[Records from a dataset]
---
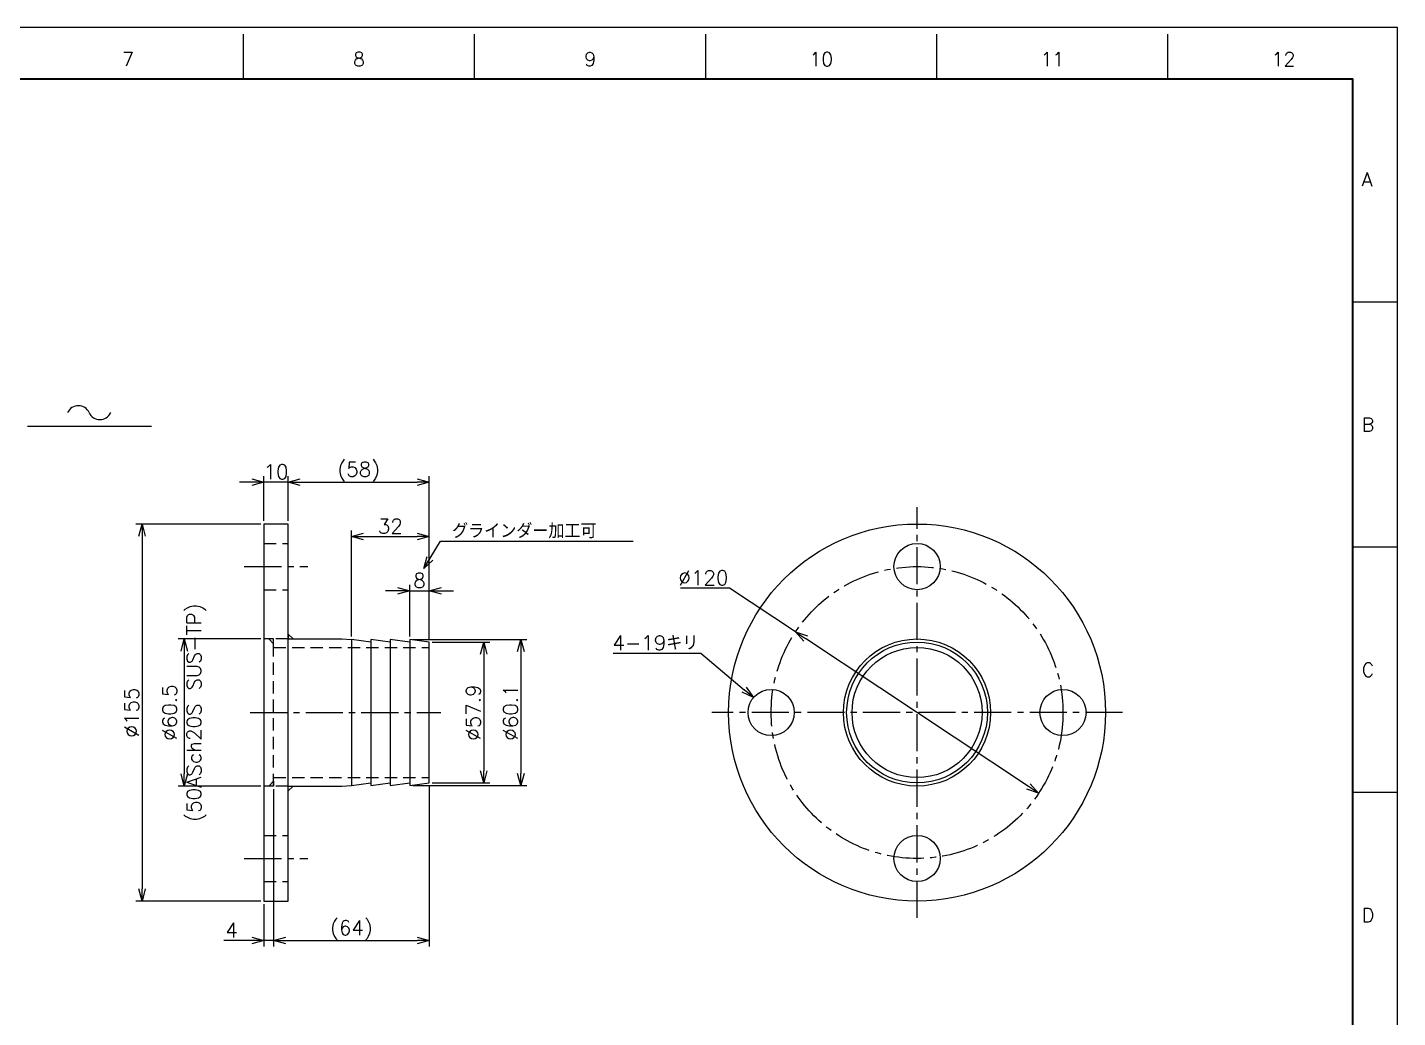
# Model space of a CAD drawing. Header units: millimetres. Extents: x 0 to 1176, y -11 to 828.
# Drawn here: x 613 to 1176, y 421 to 828 of the extents above; entities that cross this region are included whole.
import ezdxf
from ezdxf import colors
from ezdxf.entities.mleader import LeaderData, LeaderLine
from ezdxf.enums import TextEntityAlignment as Align
from ezdxf.math import Vec2, Vec3

# ---------------------------------------------------------------- set-up
doc = ezdxf.new("R2010")
doc.units = ezdxf.units.MM
doc.header["$LTSCALE"] = 0.8
doc.header["$PDMODE"] = 99
doc.header["$PDSIZE"] = 1
doc.linetypes.add('CENTER2', pattern=[28.575000000000003, 19.05, -3.175, 3.175, -3.175])
doc.linetypes.add('HIDDEN', pattern=[9.524999999999999, 6.35, -3.175])
for name, color, linetype, lineweight in [('04_HIDDEN', 2, 'HIDDEN', 13), ('05_CENTER', 4, 'CENTER2', 13), ('08_DIM', 3, 'Continuous', 13), ('90_FRAME', 5, 'Continuous', 35)]:
    doc.layers.add(name, color=color, linetype=linetype, lineweight=lineweight)
doc.layers.add('91_BLANK', color=5, linetype='Continuous', lineweight=0, plot=False)
doc.styles.add('KSS_TXT', font='txt.shx', dxfattribs={"bigfont": 'extfont2.shx'})
doc.styles.get("Standard").update_dxf_attribs({"font": 'txt.shx', "bigfont": 'extfont2.shx'})
doc.dimstyles.new('KSS_DIM', dxfattribs={"dimscale": 2, "dimtxt": 3, "dimasz": 2.5, "dimexe": 1.25, "dimexo": 0.625, "dimtad": 1, "dimdsep": 46, "dimtxsty": 'KSS_TXT', "dimblk": 'OPEN30', "dimcen": 0, "dimazin": 2, "dimtfac": 0.75, "dimtmove": 0, "dimatfit": 3, "dimldrblk": 'OPEN30', "dimfxl": 1.25, "dimtolj": 1, "dimarcsym": 0})
doc.dimstyles.new('KSS_DIM$3', dxfattribs={"dimscale": 2, "dimtxt": 3, "dimasz": 2.5, "dimexe": 1.25, "dimexo": 0.625, "dimtad": 1, "dimtih": 1, "dimtoh": 1, "dimdsep": 46, "dimtxsty": 'KSS_TXT', "dimblk": 'OPEN30', "dimcen": 0, "dimazin": 2, "dimtfac": 0.75, "dimtofl": 0, "dimtmove": 0, "dimatfit": 3, "dimldrblk": 'OPEN30', "dimfxl": 1.25, "dimtolj": 1, "dimarcsym": 0})

# ---------------------------------------------------------------- blocks, each defined once
blk = doc.blocks.new('_Open30')
at = {"color": 0, "linetype": 'ByBlock', "lineweight": -2}
for p, q in [((-1, 0.26794919), (0, 0)), ((0, 0), (-1, -0.26794919)), ((0, 0), (-1, 0))]:
    blk.add_line(p, q, dxfattribs=at)
blk = doc.blocks.new('*D145')
at = {"layer": '08_DIM', "color": 0, "lineweight": -2, "transparency": 16777216}
for p, q in [((779.0816165385859, 575.0420192273018), (802.7320085555157, 575.0420192273018)), ((800.2320085555157, 570.0420192273018), (800.2320085555157, 522.1420192273022)), ((779.0816165385859, 517.1420192273022), (802.7320085555157, 517.1420192273022))]:
    blk.add_line(p, q, dxfattribs=at)
at = {"layer": 'Defpoints', "color": 0, "transparency": 16777216}
for p in [(777.8316165385859, 575.0420192273018), (777.8316165385859, 517.1420192273022), (800.2320085555157, 517.1420192273022)]:
    blk.add_point(p, dxfattribs=at)
at = {"layer": '08_DIM', "color": 0, "lineweight": -2, "transparency": 16777216, "xscale": 5, "yscale": 5, "zscale": 5}
for p, rotation in [((800.2320085555157, 575.0420192273018), 90), ((800.2320085555157, 517.1420192273022), 270)]:
    blk.add_blockref('_Open30', p, dxfattribs=dict(at, rotation=rotation))
at = {"layer": '08_DIM', "color": 0, "transparency": 16777216, "insert": (795.9820085555156, 546.0920192273022), "char_height": 6, "attachment_point": 5, "rotation": 90, "style": 'KSS_TXT'}
blk.add_mtext('\\A1;%%C57.9', dxfattribs=at)
blk = doc.blocks.new('*D146')
at = {"layer": '08_DIM', "color": 0, "lineweight": -2, "transparency": 16777216}
for p, q in [((771.0816165385859, 576.1420192273013), (818.0265063247234, 576.1420192273013)), ((815.5265063247234, 571.1420192273013), (815.5265063247234, 521.0420192273018)), ((771.0816165385859, 516.0420192273018), (818.0265063247234, 516.0420192273018))]:
    blk.add_line(p, q, dxfattribs=at)
at = {"layer": 'Defpoints', "color": 0, "transparency": 16777216}
for p in [(769.8316165385859, 576.1420192273013), (769.8316165385859, 516.0420192273018), (815.5265063247234, 516.0420192273018)]:
    blk.add_point(p, dxfattribs=at)
at = {"layer": '08_DIM', "color": 0, "lineweight": -2, "transparency": 16777216, "xscale": 5, "yscale": 5, "zscale": 5}
for p, rotation in [((815.5265063247234, 576.1420192273013), 90), ((815.5265063247234, 516.0420192273018), 270)]:
    blk.add_blockref('_Open30', p, dxfattribs=dict(at, rotation=rotation))
at = {"layer": '08_DIM', "color": 0, "transparency": 16777216, "insert": (811.2765063247233, 546.0920192273018), "char_height": 6, "attachment_point": 5, "rotation": 90, "style": 'KSS_TXT'}
blk.add_mtext('\\A1;%%C60.1', dxfattribs=at)
blk = doc.blocks.new('*D147')
at = {"layer": '08_DIM', "color": 0, "lineweight": -2, "transparency": 16777216}
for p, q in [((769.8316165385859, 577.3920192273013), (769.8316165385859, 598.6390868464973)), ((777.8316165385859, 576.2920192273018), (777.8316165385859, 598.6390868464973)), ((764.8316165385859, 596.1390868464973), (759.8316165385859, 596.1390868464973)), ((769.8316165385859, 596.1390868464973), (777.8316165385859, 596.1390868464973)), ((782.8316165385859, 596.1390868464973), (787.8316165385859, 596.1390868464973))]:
---
Aim of the exercise.
The line containing "blk = doc.blocks.new('*D146')" and all lines after it, through the end of the entries above, are to be returned exactly and alone.

Answer box.
blk = doc.blocks.new('*D146')
at = {"layer": '08_DIM', "color": 0, "lineweight": -2, "transparency": 16777216}
for p, q in [((771.0816165385859, 576.1420192273013), (818.0265063247234, 576.1420192273013)), ((815.5265063247234, 571.1420192273013), (815.5265063247234, 521.0420192273018)), ((771.0816165385859, 516.0420192273018), (818.0265063247234, 516.0420192273018))]:
    blk.add_line(p, q, dxfattribs=at)
at = {"layer": 'Defpoints', "color": 0, "transparency": 16777216}
for p in [(769.8316165385859, 576.1420192273013), (769.8316165385859, 516.0420192273018), (815.5265063247234, 516.0420192273018)]:
    blk.add_point(p, dxfattribs=at)
at = {"layer": '08_DIM', "color": 0, "lineweight": -2, "transparency": 16777216, "xscale": 5, "yscale": 5, "zscale": 5}
for p, rotation in [((815.5265063247234, 576.1420192273013), 90), ((815.5265063247234, 516.0420192273018), 270)]:
    blk.add_blockref('_Open30', p, dxfattribs=dict(at, rotation=rotation))
at = {"layer": '08_DIM', "color": 0, "transparency": 16777216, "insert": (811.2765063247233, 546.0920192273018), "char_height": 6, "attachment_point": 5, "rotation": 90, "style": 'KSS_TXT'}
blk.add_mtext('\\A1;%%C60.1', dxfattribs=at)
blk = doc.blocks.new('*D147')
at = {"layer": '08_DIM', "color": 0, "lineweight": -2, "transparency": 16777216}
for p, q in [((769.8316165385859, 577.3920192273013), (769.8316165385859, 598.6390868464973)), ((777.8316165385859, 576.2920192273018), (777.8316165385859, 598.6390868464973)), ((764.8316165385859, 596.1390868464973), (759.8316165385859, 596.1390868464973)), ((769.8316165385859, 596.1390868464973), (777.8316165385859, 596.1390868464973)), ((782.8316165385859, 596.1390868464973), (787.8316165385859, 596.1390868464973))]:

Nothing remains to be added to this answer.